RECORDS SHOWN
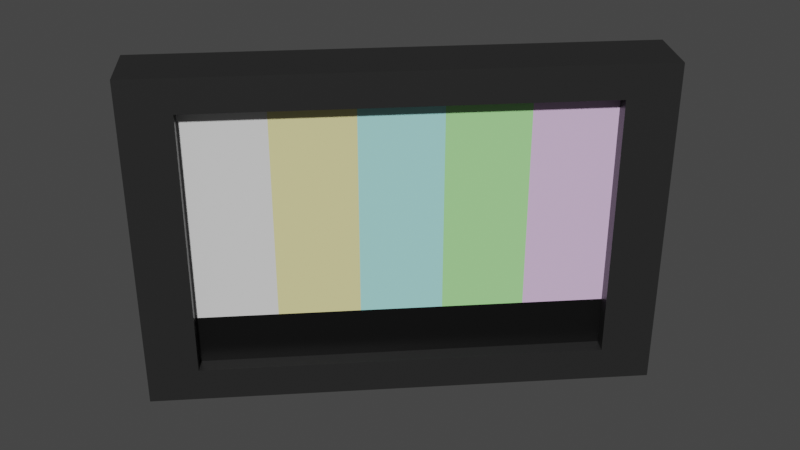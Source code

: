 # Source: scoopstv.blend  (saved by Blender 3.2.14; exported with 4.5.12 LTS)
import bpy
from mathutils import Matrix  # noqa: F401  (used for matrix-valued properties, if any)

bpy.ops.wm.read_factory_settings(use_empty=True)
scene = bpy.context.scene
scene.name = 'Scene'

# ---- collections
col_collection = bpy.data.collections.new('Collection'); scene.collection.children.link(col_collection)

# ---- materials (node trees are filled in below, after node groups)
mat_material = bpy.data.materials.new('Material')
mat_material.alpha_threshold = 0.0
mat_material.use_transparent_shadow = False
mat_material.line_color = (0.0, 0.0, 0.0, 1.0)
mat_material_001 = bpy.data.materials.new('Material.001')
mat_material_001.use_transparent_shadow = False
mat_material_002 = bpy.data.materials.new('Material.002')
mat_material_002.use_transparent_shadow = False
mat_material_003 = bpy.data.materials.new('Material.003')
mat_material_003.use_transparent_shadow = False
mat_material_004 = bpy.data.materials.new('Material.004')
mat_material_004.use_transparent_shadow = False
mat_material_005 = bpy.data.materials.new('Material.005')
mat_material_005.use_transparent_shadow = False
mat_material_006 = bpy.data.materials.new('Material.006')
mat_material_006.use_transparent_shadow = False

# ---- material node trees
mat_material.use_nodes = True; mat_material.node_tree.nodes.clear()
_N = mat_material.node_tree.nodes; _L = mat_material.node_tree.links
n0 = _N.new('ShaderNodeOutputMaterial'); n0.name = 'Material Output'; n0.location = (300, 300)
n1 = _N.new('ShaderNodeBsdfPrincipled'); n1.name = 'Principled BSDF'; n1.location = (10, 300)
n1.distribution = 'GGX'
n1.subsurface_method = 'RANDOM_WALK_SKIN'
n1.inputs[0].default_value = (0.01885, 0.01885, 0.01885, 1.0)
n1.inputs[2].default_value = 0.4
n1.inputs[3].default_value = 1.45
n1.inputs[27].default_value = (0.0, 0.0, 0.0, 1.0)
n1.inputs[28].default_value = 1.0
_L.new(n1.outputs[0], n0.inputs[0])
n0.is_active_output = True
mat_material_001.use_nodes = True; mat_material_001.node_tree.nodes.clear()
_N = mat_material_001.node_tree.nodes; _L = mat_material_001.node_tree.links
n0 = _N.new('ShaderNodeBsdfPrincipled'); n0.name = 'Principled BSDF'; n0.location = (10, 300)
n0.distribution = 'GGX'
n0.subsurface_method = 'RANDOM_WALK_SKIN'
n0.inputs[0].default_value = (0.7613, 0.7613, 0.7613, 1.0)
n0.inputs[3].default_value = 1.45
n0.inputs[27].default_value = (0.0, 0.0, 0.0, 1.0)
n0.inputs[28].default_value = 1.0
n1 = _N.new('ShaderNodeOutputMaterial'); n1.name = 'Material Output'; n1.location = (300, 300)
_L.new(n0.outputs[0], n1.inputs[0])
n1.is_active_output = True
mat_material_002.use_nodes = True; mat_material_002.node_tree.nodes.clear()
_N = mat_material_002.node_tree.nodes; _L = mat_material_002.node_tree.links
n0 = _N.new('ShaderNodeBsdfPrincipled'); n0.name = 'Principled BSDF'; n0.location = (10, 300)
n0.distribution = 'GGX'
n0.subsurface_method = 'RANDOM_WALK_SKIN'
n0.inputs[0].default_value = (0.8, 0.7407, 0.3438, 1.0)
n0.inputs[3].default_value = 1.45
n0.inputs[27].default_value = (0.0, 0.0, 0.0, 1.0)
n0.inputs[28].default_value = 1.0
n1 = _N.new('ShaderNodeOutputMaterial'); n1.name = 'Material Output'; n1.location = (300, 300)
_L.new(n0.outputs[0], n1.inputs[0])
n1.is_active_output = True
mat_material_003.use_nodes = True; mat_material_003.node_tree.nodes.clear()
_N = mat_material_003.node_tree.nodes; _L = mat_material_003.node_tree.links
n0 = _N.new('ShaderNodeBsdfPrincipled'); n0.name = 'Principled BSDF'; n0.location = (10, 300)
n0.distribution = 'GGX'
n0.subsurface_method = 'RANDOM_WALK_SKIN'
n0.inputs[0].default_value = (0.383, 0.8, 0.7771, 1.0)
n0.inputs[3].default_value = 1.45
n0.inputs[27].default_value = (0.0, 0.0, 0.0, 1.0)
n0.inputs[28].default_value = 1.0
n1 = _N.new('ShaderNodeOutputMaterial'); n1.name = 'Material Output'; n1.location = (300, 300)
_L.new(n0.outputs[0], n1.inputs[0])
n1.is_active_output = True
mat_material_004.use_nodes = True; mat_material_004.node_tree.nodes.clear()
_N = mat_material_004.node_tree.nodes; _L = mat_material_004.node_tree.links
n0 = _N.new('ShaderNodeBsdfPrincipled'); n0.name = 'Principled BSDF'; n0.location = (10, 300)
n0.distribution = 'GGX'
n0.subsurface_method = 'RANDOM_WALK_SKIN'
n0.inputs[0].default_value = (0.3851, 0.8, 0.306, 1.0)
n0.inputs[3].default_value = 1.45
n0.inputs[27].default_value = (0.0, 0.0, 0.0, 1.0)
n0.inputs[28].default_value = 1.0
n1 = _N.new('ShaderNodeOutputMaterial'); n1.name = 'Material Output'; n1.location = (300, 300)
_L.new(n0.outputs[0], n1.inputs[0])
n1.is_active_output = True
mat_material_005.use_nodes = True; mat_material_005.node_tree.nodes.clear()
_N = mat_material_005.node_tree.nodes; _L = mat_material_005.node_tree.links
n0 = _N.new('ShaderNodeBsdfPrincipled'); n0.name = 'Principled BSDF'; n0.location = (10, 300)
n0.distribution = 'GGX'
n0.subsurface_method = 'RANDOM_WALK_SKIN'
n0.inputs[0].default_value = (0.7424, 0.528, 0.8, 1.0)
n0.inputs[3].default_value = 1.45
n0.inputs[27].default_value = (0.0, 0.0, 0.0, 1.0)
n0.inputs[28].default_value = 1.0
n1 = _N.new('ShaderNodeOutputMaterial'); n1.name = 'Material Output'; n1.location = (300, 300)
_L.new(n0.outputs[0], n1.inputs[0])
n1.is_active_output = True
mat_material_006.use_nodes = True; mat_material_006.node_tree.nodes.clear()
_N = mat_material_006.node_tree.nodes; _L = mat_material_006.node_tree.links
n0 = _N.new('ShaderNodeBsdfPrincipled'); n0.name = 'Principled BSDF'; n0.location = (10, 300)
n0.distribution = 'GGX'
n0.subsurface_method = 'RANDOM_WALK_SKIN'
n0.inputs[0].default_value = (0.0, 0.0, 0.0, 1.0)
n0.inputs[3].default_value = 1.45
n0.inputs[27].default_value = (0.0, 0.0, 0.0, 1.0)
n0.inputs[28].default_value = 1.0
n1 = _N.new('ShaderNodeOutputMaterial'); n1.name = 'Material Output'; n1.location = (300, 300)
_L.new(n0.outputs[0], n1.inputs[0])
n1.is_active_output = True

# ---- world
world_world = bpy.data.worlds.new('World'); scene.world = world_world
world_world.use_nodes = True; world_world.node_tree.nodes.clear()
_N = world_world.node_tree.nodes; _L = world_world.node_tree.links
n0 = _N.new('ShaderNodeOutputWorld'); n0.name = 'World Output'; n0.location = (300, 300)
n1 = _N.new('ShaderNodeBackground'); n1.name = 'Background'; n1.location = (10, 300)
n1.inputs[0].default_value = (0.05088, 0.05088, 0.05088, 1.0)
_L.new(n1.outputs[0], n0.inputs[0])
n0.is_active_output = True
world_world.color = (0.05088, 0.05088, 0.05088)
world_world.use_sun_shadow = False
world_world.sun_shadow_jitter_overblur = 0.0

# ---- meshes
me_cube = bpy.data.meshes.new('Cube')
me_cube.from_pydata([(1.5, 0.2594, 1.125), (1.5, 0.2594, -0.875), (1.5, -0.1406, 1.125), (1.5, -0.1406, -0.875), (-1.5, 0.2594, 1.125), (-1.5, 0.2594, -0.875), (-1.5, -0.1406, 1.125), (-1.5, -0.1406, -0.875), (1.2, -0.1406, 0.925), (1.2, -0.1406, -0.675), (-1.2, -0.1406, 0.925), (-1.2, -0.1406, -0.675), (0.9, 0.2594, -0.875), (0.3, 0.2594, -0.875), (-0.3, 0.2594, -0.875), (-0.9, 0.2594, -0.875), (0.9, -0.1406, 1.125), (0.3, -0.1406, 1.125), (-0.3, -0.1406, 1.125), (-0.9, -0.1406, 1.125), (-0.9, -0.1406, -0.875), (-0.3, -0.1406, -0.875), (0.3, -0.1406, -0.875), (0.9, -0.1406, -0.875), (-0.9, 0.2594, 1.125), (-0.3, 0.2594, 1.125), (0.3, 0.2594, 1.125), (0.9, 0.2594, 1.125), (0.72, -0.1406, 0.925), (0.24, -0.1406, 0.925), (-0.24, -0.1406, 0.925), (-0.72, -0.1406, 0.925), (-0.72, -0.1406, -0.675), (-0.24, -0.1406, -0.675), (0.24, -0.1406, -0.675), (0.72, -0.1406, -0.675), (1.5, 0.2594, -0.375), (-1.5, -0.1406, -0.375), (1.5, -0.1406, -0.375), (-1.5, 0.2594, -0.375), (-1.2, -0.1406, -0.375), (1.2, -0.1406, -0.375), (-0.9, 0.2594, -0.375), (-0.3, 0.2594, -0.375), (0.3, 0.2594, -0.375), (0.9, 0.2594, -0.375), (1.2, -0.04062, 0.925), (1.2, -0.04062, -0.675), (-1.2, -0.04062, 0.925), (-1.2, -0.04062, -0.675), (0.72, -0.04062, 0.925), (0.24, -0.04062, 0.925), (-0.24, -0.04062, 0.925), (-0.72, -0.04062, 0.925), (-0.72, -0.04062, -0.675), (-0.24, -0.04062, -0.675), (0.24, -0.04062, -0.675), (0.72, -0.04062, -0.675), (-1.2, -0.04062, -0.375), (1.2, -0.04062, -0.375), (0.72, -0.04062, -0.375), (0.24, -0.04062, -0.375), (-0.24, -0.04062, -0.375), (-0.72, -0.04062, -0.375)], [], [(24, 4, 6, 19), (37, 7, 11, 40), (37, 6, 4, 39), (12, 1, 3, 23), (36, 0, 2, 38), (45, 27, 0, 36), (31, 10, 48, 53), (23, 3, 9, 35), (19, 6, 10, 31), (38, 2, 8, 41), (2, 16, 28, 8), (16, 17, 29, 28), (17, 18, 30, 29), (18, 19, 31, 30), (7, 20, 32, 11), (20, 21, 33, 32), (21, 22, 34, 33), (22, 23, 35, 34), (8, 28, 50, 46), (41, 8, 46, 59), (34, 35, 57, 56), (9, 41, 59, 47), (39, 4, 24, 42), (42, 24, 25, 43), (43, 25, 26, 44), (44, 26, 27, 45), (5, 15, 20, 7), (15, 14, 21, 20), (14, 13, 22, 21), (13, 12, 23, 22), (0, 27, 16, 2), (27, 26, 17, 16), (26, 25, 18, 17), (25, 24, 19, 18), (13, 44, 45, 12), (14, 43, 44, 13), (15, 42, 43, 14), (5, 39, 42, 15), (40, 11, 49, 58), (33, 34, 56, 55), (10, 40, 58, 48), (32, 33, 55, 54), (3, 38, 41, 9), (11, 32, 54, 49), (12, 45, 36, 1), (1, 36, 38, 3), (7, 37, 39, 5), (6, 37, 40, 10), (63, 53, 48, 58), (59, 46, 50, 60), (60, 50, 51, 61), (61, 51, 52, 62), (62, 52, 53, 63), (55, 62, 63, 54), (56, 61, 62, 55), (57, 60, 61, 56), (47, 59, 60, 57), (54, 63, 58, 49), (28, 29, 51, 50), (35, 9, 47, 57), (29, 30, 52, 51), (30, 31, 53, 52)])
me_cube.polygons.foreach_set('material_index', [0, 0, 0, 0, 0, 0, 0, 0, 0, 0, 0, 0, 0, 0, 0, 0, 0, 0, 0, 0, 0, 0, 0, 0, 0, 0, 0, 0, 0, 0, 0, 0, 0, 0, 0, 0, 0, 0, 0, 0, 0, 0, 0, 0, 0, 0, 0, 0, 1, 5, 4, 3, 2, 6, 6, 6, 6, 6, 0, 0, 0, 0])
_uv = me_cube.uv_layers.new(name='UVMap')
_uv.uv.foreach_set('vector', [0.825, 0.5, 0.875, 0.5, 0.875, 0.75, 0.825, 0.75, 0.4375, 0.0, 0.375, 0.0, 0.375, 0.0, 0.4219, 0.0, 0.4375, 0.0, 0.625, 0.0, 0.625, 0.25, 0.4375, 0.25, 0.325, 0.5, 0.375, 0.5, 0.375, 0.75, 0.325, 0.75, 0.4375, 0.5, 0.625, 0.5, 0.625, 0.75, 0.4375, 0.75, 0.4375, 0.45, 0.625, 0.45, 0.625, 0.5, 0.4375, 0.5, 0.825, 0.75, 0.875, 0.75, 0.875, 0.75, 0.825, 0.75, 0.325, 0.75, 0.375, 0.75, 0.375, 0.75, 0.325, 0.75, 0.825, 0.75, 0.875, 0.75, 0.875, 0.75, 0.825, 0.75, 0.4375, 0.75, 0.625, 0.75, 0.625, 0.75, 0.4219, 0.75, 0.625, 0.75, 0.675, 0.75, 0.675, 0.75, 0.625, 0.75, 0.675, 0.75, 0.725, 0.75, 0.725, 0.75, 0.675, 0.75, 0.725, 0.75, 0.775, 0.75, 0.775, 0.75, 0.725, 0.75, 0.775, 0.75, 0.825, 0.75, 0.825, 0.75, 0.775, 0.75, 0.125, 0.75, 0.175, 0.75, 0.175, 0.75, 0.125, 0.75, 0.175, 0.75, 0.225, 0.75, 0.225, 0.75, 0.175, 0.75, 0.225, 0.75, 0.275, 0.75, 0.275, 0.75, 0.225, 0.75, 0.275, 0.75, 0.325, 0.75, 0.325, 0.75, 0.275, 0.75, 0.625, 0.75, 0.675, 0.75, 0.675, 0.75, 0.625, 0.75, 0.4219, 0.75, 0.625, 0.75, 0.625, 0.75, 0.4219, 0.75, 0.275, 0.75, 0.325, 0.75, 0.325, 0.75, 0.275, 0.75, 0.375, 0.75, 0.4219, 0.75, 0.4219, 0.75, 0.375, 0.75, 0.4375, 0.25, 0.625, 0.25, 0.625, 0.3, 0.4375, 0.3, 0.4375, 0.3, 0.625, 0.3, 0.625, 0.35, 0.4375, 0.35, 0.4375, 0.35, 0.625, 0.35, 0.625, 0.4, 0.4375, 0.4, 0.4375, 0.4, 0.625, 0.4, 0.625, 0.45, 0.4375, 0.45, 0.125, 0.5, 0.175, 0.5, 0.175, 0.75, 0.125, 0.75, 0.175, 0.5, 0.225, 0.5, 0.225, 0.75, 0.175, 0.75, 0.225, 0.5, 0.275, 0.5, 0.275, 0.75, 0.225, 0.75, 0.275, 0.5, 0.325, 0.5, 0.325, 0.75, 0.275, 0.75, 0.625, 0.5, 0.675, 0.5, 0.675, 0.75, 0.625, 0.75, 0.675, 0.5, 0.725, 0.5, 0.725, 0.75, 0.675, 0.75, 0.725, 0.5, 0.775, 0.5, 0.775, 0.75, 0.725, 0.75, 0.775, 0.5, 0.825, 0.5, 0.825, 0.75, 0.775, 0.75, 0.375, 0.4, 0.4375, 0.4, 0.4375, 0.45, 0.375, 0.45, 0.375, 0.35, 0.4375, 0.35, 0.4375, 0.4, 0.375, 0.4, 0.375, 0.3, 0.4375, 0.3, 0.4375, 0.35, 0.375, 0.35, 0.375, 0.25, 0.4375, 0.25, 0.4375, 0.3, 0.375, 0.3, 0.4219, 0.0, 0.375, 0.0, 0.375, 0.0, 0.4219, 0.0, 0.225, 0.75, 0.275, 0.75, 0.275, 0.75, 0.225, 0.75, 0.625, 0.0, 0.4219, 0.0, 0.4219, 0.0, 0.625, 0.0, 0.175, 0.75, 0.225, 0.75, 0.225, 0.75, 0.175, 0.75, 0.375, 0.75, 0.4375, 0.75, 0.4219, 0.75, 0.375, 0.75, 0.125, 0.75, 0.175, 0.75, 0.175, 0.75, 0.125, 0.75, 0.375, 0.45, 0.4375, 0.45, 0.4375, 0.5, 0.375, 0.5, 0.375, 0.5, 0.4375, 0.5, 0.4375, 0.75, 0.375, 0.75, 0.375, 0.0, 0.4375, 0.0, 0.4375, 0.25, 0.375, 0.25, 0.625, 0.0, 0.4375, 0.0, 0.4219, 0.0, 0.625, 0.0, 0.4219, 0.95, 0.625, 0.95, 0.625, 1.0, 0.4219, 1.0, 0.4219, 0.75, 0.625, 0.75, 0.625, 0.8, 0.4219, 0.8, 0.4219, 0.8, 0.625, 0.8, 0.625, 0.85, 0.4219, 0.85, 0.4219, 0.85, 0.625, 0.85, 0.625, 0.9, 0.4219, 0.9, 0.4219, 0.9, 0.625, 0.9, 0.625, 0.95, 0.4219, 0.95, 0.375, 0.9, 0.4219, 0.9, 0.4219, 0.95, 0.375, 0.95, 0.375, 0.85, 0.4219, 0.85, 0.4219, 0.9, 0.375, 0.9, 0.375, 0.8, 0.4219, 0.8, 0.4219, 0.85, 0.375, 0.85, 0.375, 0.75, 0.4219, 0.75, 0.4219, 0.8, 0.375, 0.8, 0.375, 0.95, 0.4219, 0.95, 0.4219, 1.0, 0.375, 1.0, 0.675, 0.75, 0.725, 0.75, 0.725, 0.75, 0.675, 0.75, 0.325, 0.75, 0.375, 0.75, 0.375, 0.75, 0.325, 0.75, 0.725, 0.75, 0.775, 0.75, 0.775, 0.75, 0.725, 0.75, 0.775, 0.75, 0.825, 0.75, 0.825, 0.75, 0.775, 0.75])
me_cube.materials.append(mat_material)
me_cube.materials.append(mat_material_001)
me_cube.materials.append(mat_material_002)
me_cube.materials.append(mat_material_003)
me_cube.materials.append(mat_material_004)
me_cube.materials.append(mat_material_005)
me_cube.materials.append(mat_material_006)
me_cube.use_mirror_vertex_groups = False
me_cube.update()

# ---- objects
ob_cube = bpy.data.objects.new('Cube', me_cube)

# ---- transforms, parenting, visibility, modifiers, constraints
ob_cube.location = (0.0, 0.0, 0.0)
ob_cube.rotation_euler = (0.0, -0.0, 0.7854)
ob_cube.lock_rotations_4d = False
ob_cube.empty_display_type = 'ARROWS'
ob_cube.lineart.crease_threshold = 0.0

# ---- collection membership
col_collection.objects.link(ob_cube)

# ---- scene / render settings (as saved in the file)
scene.frame_start = 1; scene.frame_end = 250; scene.frame_set(1)
scene.render.engine = 'BLENDER_EEVEE_NEXT'
scene.cycles.sampling_pattern = 'TABULATED_SOBOL'
scene.cycles.use_light_tree = False
scene.view_settings.view_transform = 'Filmic'
bpy.context.view_layer.update()

# ---- added for rendering (the .blend has no active camera and no usable light): camera, sun
cam_auto = bpy.data.cameras.new('AutoCamera')
cam_auto.lens = 50.0
cam_auto.sensor_width = 36.0
cam_auto.clip_end = 1000.0
ob_auto_camera = bpy.data.objects.new('AutoCamera', cam_auto)
scene.collection.objects.link(ob_auto_camera)
ob_auto_camera.location = (3.60767, -4.3376, 3.04472)
ob_auto_camera.rotation_euler = (1.09748, -7.21219e-08, 0.694738)
scene.camera = ob_auto_camera
light_auto_sun = bpy.data.lights.new('AutoSun', 'SUN')
light_auto_sun.energy = 3.0
light_auto_sun.angle = 0.0523599
ob_auto_sun = bpy.data.objects.new('AutoSun', light_auto_sun)
scene.collection.objects.link(ob_auto_sun)
ob_auto_sun.rotation_euler = (0.872665, 0.174533, 0.523599)
bpy.context.view_layer.update()

BRIEF
If a line in the entries above has the word "meshes", copy it.

PROBLEM SOLUTION
# ---- meshes
me_cube = bpy.data.meshes.new('Cube')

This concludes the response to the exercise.